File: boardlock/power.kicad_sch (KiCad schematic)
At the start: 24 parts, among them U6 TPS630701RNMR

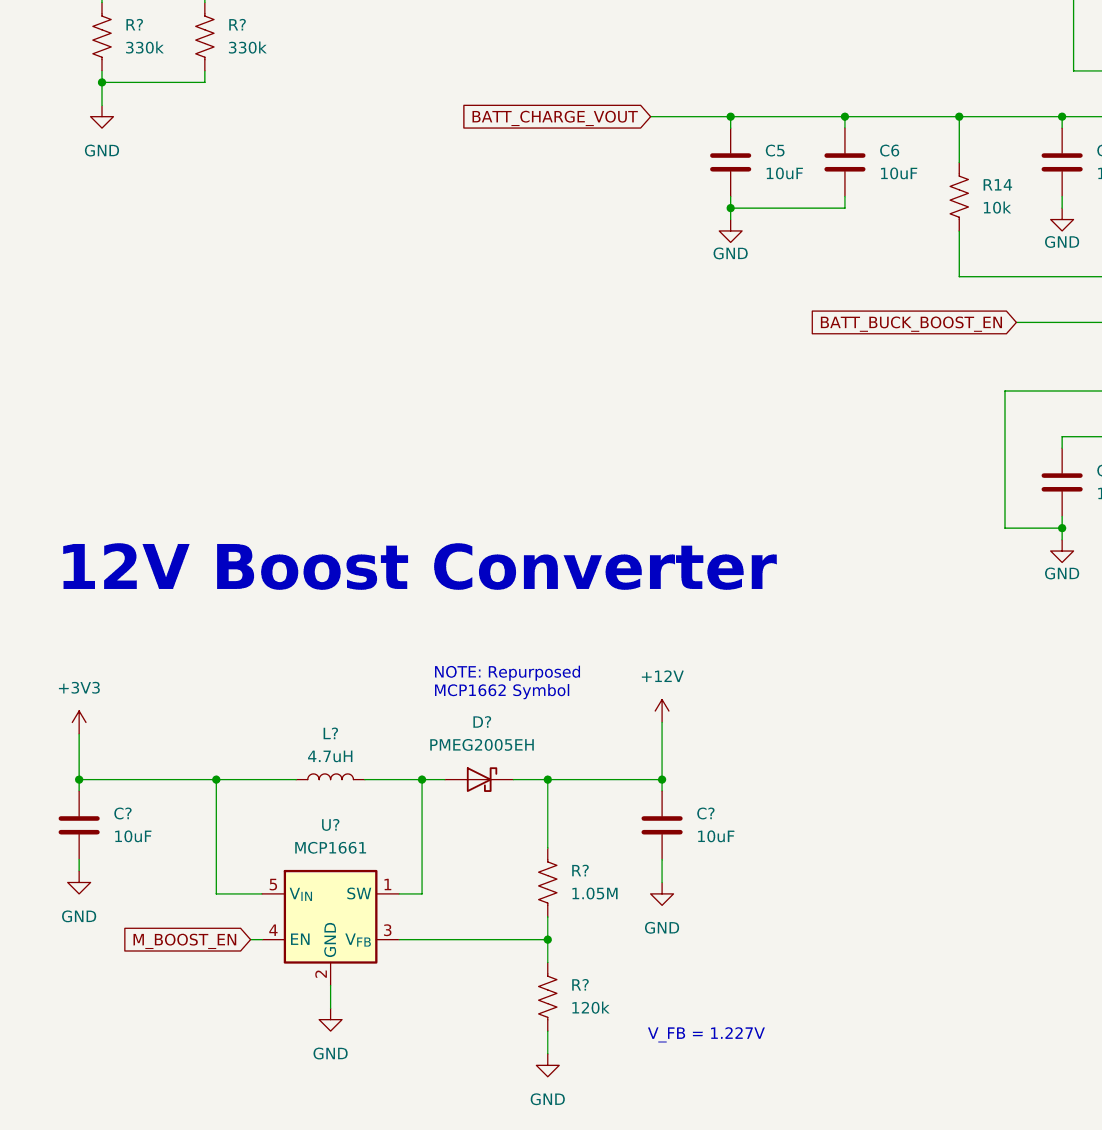
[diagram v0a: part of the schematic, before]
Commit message: footprint updates
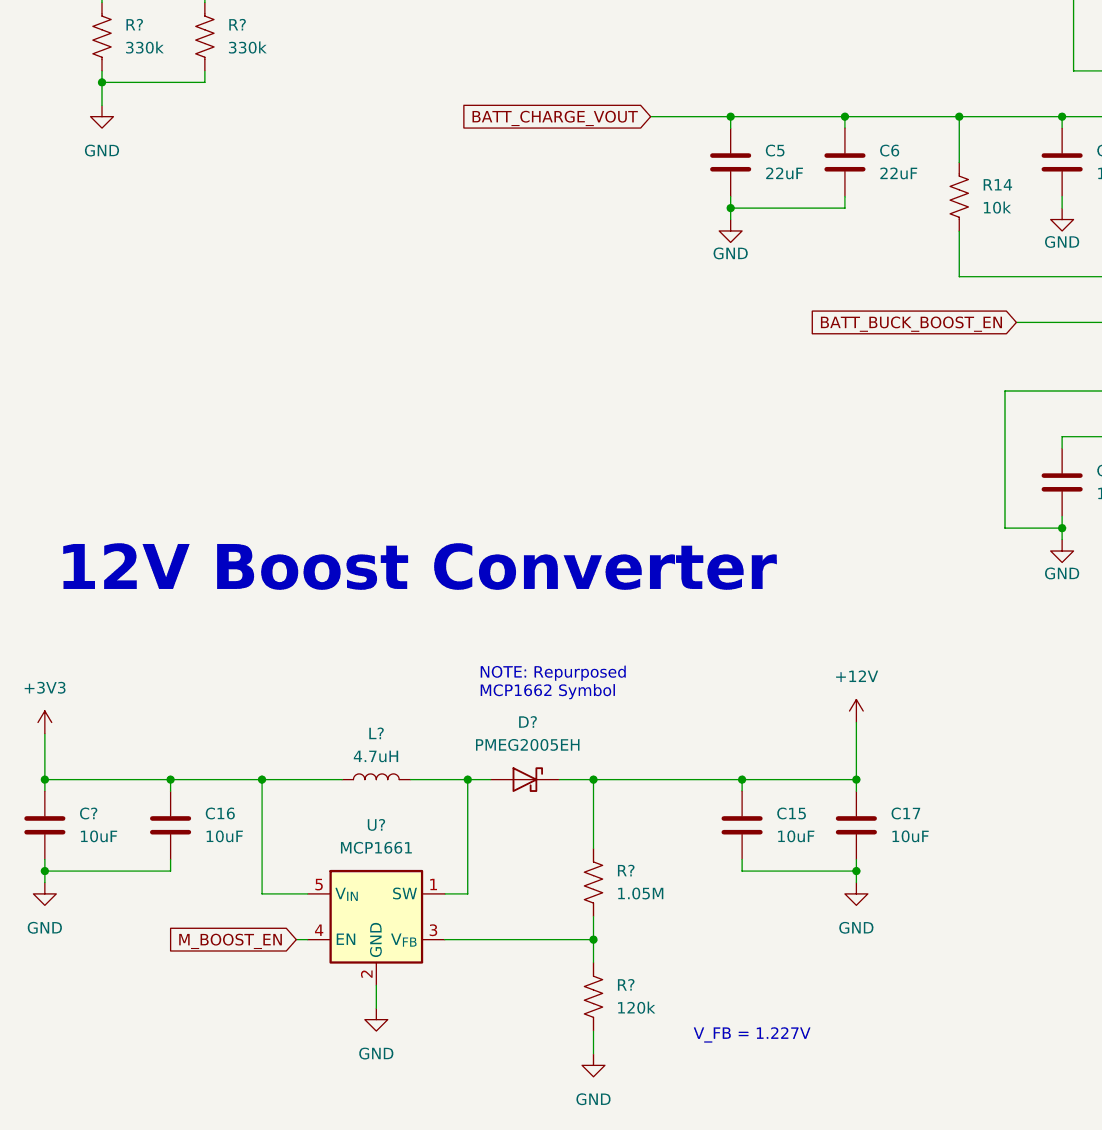
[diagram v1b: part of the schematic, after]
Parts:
- removed C?: 10uF, Capacitor_SMD:C_0805_2012Metric_Pad1.18x1.45mm_HandSolder, symbol Device:C
- added C15, C17: 10uF, Capacitor_SMD:C_1206_3216Metric_Pad1.33x1.80mm_HandSolder, symbol Device:C
- added C16: 10uF, Capacitor_SMD:C_0805_2012Metric_Pad1.18x1.45mm_HandSolder, symbol Device:C
- C5, C6: value 10uF -> 22uF
- L?: footprint (none) -> Inductor_SMD:L_Coilcraft_XxL4020
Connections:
- net +12V: now also C15.1, C17.1
- net +3V3: now also C16.1
- net GND: now also C15.2, C16.2, C17.2
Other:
- moved on the sheet: C?, D?, L?, R?, U?

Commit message: footprint work
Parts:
- gave numbers to parts that had none: 9
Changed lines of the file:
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@@
   (symbol (lib_id "Device:R_US") (at 87.63 153.67 0) (unit 1)
     (in_bom yes) (on_board yes) (dnp no) (fields_autoplaced)
-    (property "Reference" "R?" (at 90.17 152.4 0)
+    (property "Reference" "R54" (at 90.17 152.4 0)
       (effects (font (size 1.27 1.27)) (justify left))
     )
@@
       (project "boardlock"
         (path "/e1fc29ce-837e-4062-84d8-c7e423f9eab9/5801071c-337d-449a-92e5-5afeb5febc0d"
-          (reference "R?") (unit 1)
+          (reference "R54") (unit 1)
         )
         (path "/e1fc29ce-837e-4062-84d8-c7e423f9eab9/1eb676fb-9e7a-4e01-ba1e-2eff94d7b66e"
@@
   (symbol (lib_id "Device:R_US") (at 33.02 59.69 0) (unit 1)
     (in_bom yes) (on_board yes) (dnp no) (fields_autoplaced)
-    (property "Reference" "R?" (at 35.56 58.42 0)
+    (property "Reference" "R52" (at 35.56 58.42 0)
       (effects (font (size 1.27 1.27)) (justify left))
     )
@@
       (project "boardlock"
         (path "/e1fc29ce-837e-4062-84d8-c7e423f9eab9/5801071c-337d-449a-92e5-5afeb5febc0d"
-          (reference "R?") (unit 1)
+          (reference "R52") (unit 1)
         )
         (path "/e1fc29ce-837e-4062-84d8-c7e423f9eab9/a05f4dcd-7a18-4529-a05e-43353e81fbf8"
@@
   (symbol (lib_id "Device:C") (at 26.67 147.32 0) (unit 1)
     (in_bom yes) (on_board yes) (dnp no) (fields_autoplaced)
-    (property "Reference" "C?" (at 30.48 146.05 0)
+    (property "Reference" "C29" (at 30.48 146.05 0)
       (effects (font (size 1.27 1.27)) (justify left))
     )
@@
       (project "boardlock"
         (path "/e1fc29ce-837e-4062-84d8-c7e423f9eab9/5801071c-337d-449a-92e5-5afeb5febc0d"
-          (reference "C?") (unit 1)
+          (reference "C29") (unit 1)
         )
         (path "/e1fc29ce-837e-4062-84d8-c7e423f9eab9/1eb676fb-9e7a-4e01-ba1e-2eff94d7b66e"
@@
   (symbol (lib_id "Device:L") (at 63.5 142.24 90) (unit 1)
     (in_bom yes) (on_board yes) (dnp no)
-    (property "Reference" "L?" (at 63.5 137.16 90)
+    (property "Reference" "L2" (at 63.5 137.16 90)
       (effects (font (size 1.27 1.27)))
     )
@@
       (project "boardlock"
         (path "/e1fc29ce-837e-4062-84d8-c7e423f9eab9/5801071c-337d-449a-92e5-5afeb5febc0d"
-          (reference "L?") (unit 1)
+          (reference "L2") (unit 1)
         )
         (path "/e1fc29ce-837e-4062-84d8-c7e423f9eab9/1eb676fb-9e7a-4e01-ba1e-2eff94d7b66e"
@@
   (symbol (lib_id "Device:R_US") (at 33.02 46.99 0) (unit 1)
     (in_bom yes) (on_board yes) (dnp no) (fields_autoplaced)
-    (property "Reference" "R?" (at 35.56 45.72 0)
+    (property "Reference" "R51" (at 35.56 45.72 0)
       (effects (font (size 1.27 1.27)) (justify left))
     )
@@
       (project "boardlock"
         (path "/e1fc29ce-837e-4062-84d8-c7e423f9eab9/5801071c-337d-449a-92e5-5afeb5febc0d"
-          (reference "R?") (unit 1)
+          (reference "R51") (unit 1)
         )
         (path "/e1fc29ce-837e-4062-84d8-c7e423f9eab9/a05f4dcd-7a18-4529-a05e-43353e81fbf8"
@@
   (symbol (lib_id "Driver_LED:MCP1662-xOT") (at 63.5 157.48 0) (unit 1)
     (in_bom yes) (on_board yes) (dnp no) (fields_autoplaced)
-    (property "Reference" "U?" (at 63.5 147.32 0)
+    (property "Reference" "U8" (at 63.5 147.32 0)
       (effects (font (size 1.27 1.27)))
     )
@@
       (project "boardlock"
         (path "/e1fc29ce-837e-4062-84d8-c7e423f9eab9/5801071c-337d-449a-92e5-5afeb5febc0d"
+          (reference "U8") (unit 1)
+        )
+        (path "/e1fc29ce-837e-4062-84d8-c7e423f9eab9/1eb676fb-9e7a-4e01-ba1e-2eff94d7b66e"
           (reference "U?") (unit 1)
         )
-        (path "/e1fc29ce-837e-4062-84d8-c7e423f9eab9/1eb676fb-9e7a-4e01-ba1e-2eff94d7b66e"
-          (reference "U?") (unit 1)
-        )
       )
     )
@@
   (symbol (lib_id "Device:R_US") (at 87.63 166.37 0) (unit 1)
     (in_bom yes) (on_board yes) (dnp no) (fields_autoplaced)
-    (property "Reference" "R?" (at 90.17 165.1 0)
+    (property "Reference" "R55" (at 90.17 165.1 0)
       (effects (font (size 1.27 1.27)) (justify left))
     )
@@
       (project "boardlock"
         (path "/e1fc29ce-837e-4062-84d8-c7e423f9eab9/5801071c-337d-449a-92e5-5afeb5febc0d"
-          (reference "R?") (unit 1)
+          (reference "R55") (unit 1)
         )
         (path "/e1fc29ce-837e-4062-84d8-c7e423f9eab9/1eb676fb-9e7a-4e01-ba1e-2eff94d7b66e"
@@
   (symbol (lib_id "Device:R_US") (at 44.45 59.69 0) (unit 1)
     (in_bom yes) (on_board yes) (dnp no)
-    (property "Reference" "R?" (at 46.99 58.42 0)
+    (property "Reference" "R53" (at 46.99 58.42 0)
       (effects (font (size 1.27 1.27)) (justify left))
     )
@@
       (project "boardlock"
         (path "/e1fc29ce-837e-4062-84d8-c7e423f9eab9/5801071c-337d-449a-92e5-5afeb5febc0d"
-          (reference "R?") (unit 1)
+          (reference "R53") (unit 1)
         )
         (path "/e1fc29ce-837e-4062-84d8-c7e423f9eab9/a05f4dcd-7a18-4529-a05e-43353e81fbf8"
@@
   (symbol (lib_id "Diode:PMEG2005EH") (at 80.01 142.24 0) (mirror y) (unit 1)
     (in_bom yes) (on_board yes) (dnp no)
-    (property "Reference" "D?" (at 80.3275 135.89 0)
+    (property "Reference" "D1" (at 80.3275 135.89 0)
       (effects (font (size 1.27 1.27)))
     )
@@
       (project "boardlock"
         (path "/e1fc29ce-837e-4062-84d8-c7e423f9eab9/5801071c-337d-449a-92e5-5afeb5febc0d"
-          (reference "D?") (unit 1)
-        )
-        (path "/e1fc29ce-837e-4062-84d8-c7e423f9eab9/1eb676fb-9e7a-4e01-ba1e-2eff94d7b66e"
+          (reference "D1") (unit 1)
+        )
+        (path "/e1fc29ce-837e-4062-84d8-c7e423f9eab9/1eb676fb-9e7a-4e01-ba1e-2eff94d7b66e"

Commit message: changes
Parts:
- C7, C9: footprint Resistor_SMD:R_0603_1608Metric_Pad0.98x0.95mm_HandSolder -> Capacitor_SMD:C_0603_1608Metric_Pad1.08x0.95mm_HandSolder
- C8: footprint Resistor_SMD:R_0402_1005Metric_Pad0.72x0.64mm_HandSolder -> Capacitor_SMD:C_0603_1608Metric_Pad1.08x0.95mm_HandSolder
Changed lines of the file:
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@@
       (effects (font (size 1.27 1.27)) (justify left))
     )
-    (property "Footprint" "Resistor_SMD:R_0402_1005Metric_Pad0.72x0.64mm_HandSolder" (at 140.6652 113.03 0)
+    (property "Footprint" "Capacitor_SMD:C_0603_1608Metric_Pad1.08x0.95mm_HandSolder" (at 140.6652 113.03 0)
       (effects (font (size 1.27 1.27)) hide)
     )
@@
       (effects (font (size 1.27 1.27)) (justify left))
     )
-    (property "Footprint" "Resistor_SMD:R_0603_1608Metric_Pad0.98x0.95mm_HandSolder" (at 140.6652 77.47 0)
+    (property "Footprint" "Capacitor_SMD:C_0603_1608Metric_Pad1.08x0.95mm_HandSolder" (at 140.6652 77.47 0)
       (effects (font (size 1.27 1.27)) hide)
     )
@@
       (effects (font (size 1.27 1.27)) (justify left))
     )
-    (property "Footprint" "Resistor_SMD:R_0603_1608Metric_Pad0.98x0.95mm_HandSolder" (at 192.7352 77.47 0)
-      (effects (font (size 1.27 1.27)) hide)
-    )
+    (property "Footprint" "Capacitor_SMD:C_0603_1608Metric_Pad1.08x0.95mm_HandSolder" (at 192.7352 77.47 0)
+      (effects (font (size 1.27 1.27)) hide)
+    )

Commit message: added inductor footprints
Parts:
- L1: footprint (none) -> DR74-1R5-R:DR74
- L2: footprint Inductor_SMD:L_Coilcraft_XxL4020 -> B82462G4472M000:IND_EPCOS_B82462G4_EPC
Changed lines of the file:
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@@
       (effects (font (size 1.27 1.27)))
     )
-    (property "Footprint" "Inductor_SMD:L_Coilcraft_XxL4020" (at 63.5 142.24 0)
-      (effects (font (size 1.27 1.27)) hide)
-    )
-    (property "Datasheet" "https://www.coilcraft.com/getmedia/76c9c081-4945-4c85-9129-9356e1ad6734/xgl4020.pdf" (at 63.5 142.24 0)
+    (property "Footprint" "B82462G4472M000:IND_EPCOS_B82462G4_EPC" (at 63.5 142.24 0)
+      (effects (font (size 1.27 1.27)) hide)
+    )
+    (property "Datasheet" "" (at 63.5 142.24 0)
       (effects (font (size 1.27 1.27)) hide)
     )
@@
       (effects (font (size 1.27 1.27)))
     )
-    (property "Footprint" "" (at 165.1 45.72 0)
-      (effects (font (size 1.27 1.27)) hide)
-    )
+    (property "Footprint" "DR74-1R5-R:DR74" (at 165.1 45.72 0)
+      (effects (font (size 1.27 1.27)) hide)
+    )

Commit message: footprints finished for now
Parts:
- R11: footprint (none) -> Resistor_SMD:R_0805_2012Metric_Pad1.20x1.40mm_HandSolder
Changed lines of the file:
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@@
       (effects (font (size 1.27 1.27)) (justify left))
     )
-    (property "Footprint" "" (at 221.996 84.074 90)
+    (property "Footprint" "Resistor_SMD:R_0805_2012Metric_Pad1.20x1.40mm_HandSolder" (at 221.996 84.074 90)
       (effects (font (size 1.27 1.27)) hide)
     )

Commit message: more pcb stuff
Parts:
- renumbered C10 to C11, C11 to C12, C12 to C13, C5 to C14, C6 to C15, C7 to C16, C9 to C17, C8 to C18, C29 to C19, C16 to C20, C15 to C21, C17 to C22, D1 to D2, R51 to R26, R52 to R27, R53 to R28, R9 to R29, R14 to R30, R11 to R31, R10 to R32, R54 to R33, R55 to R34, U8 to U7
+---+
What the exercise asks – Compute the number of lines in the entries above that hold the word "Datasheet"; the answer must contain nothing else.

Answer below – 2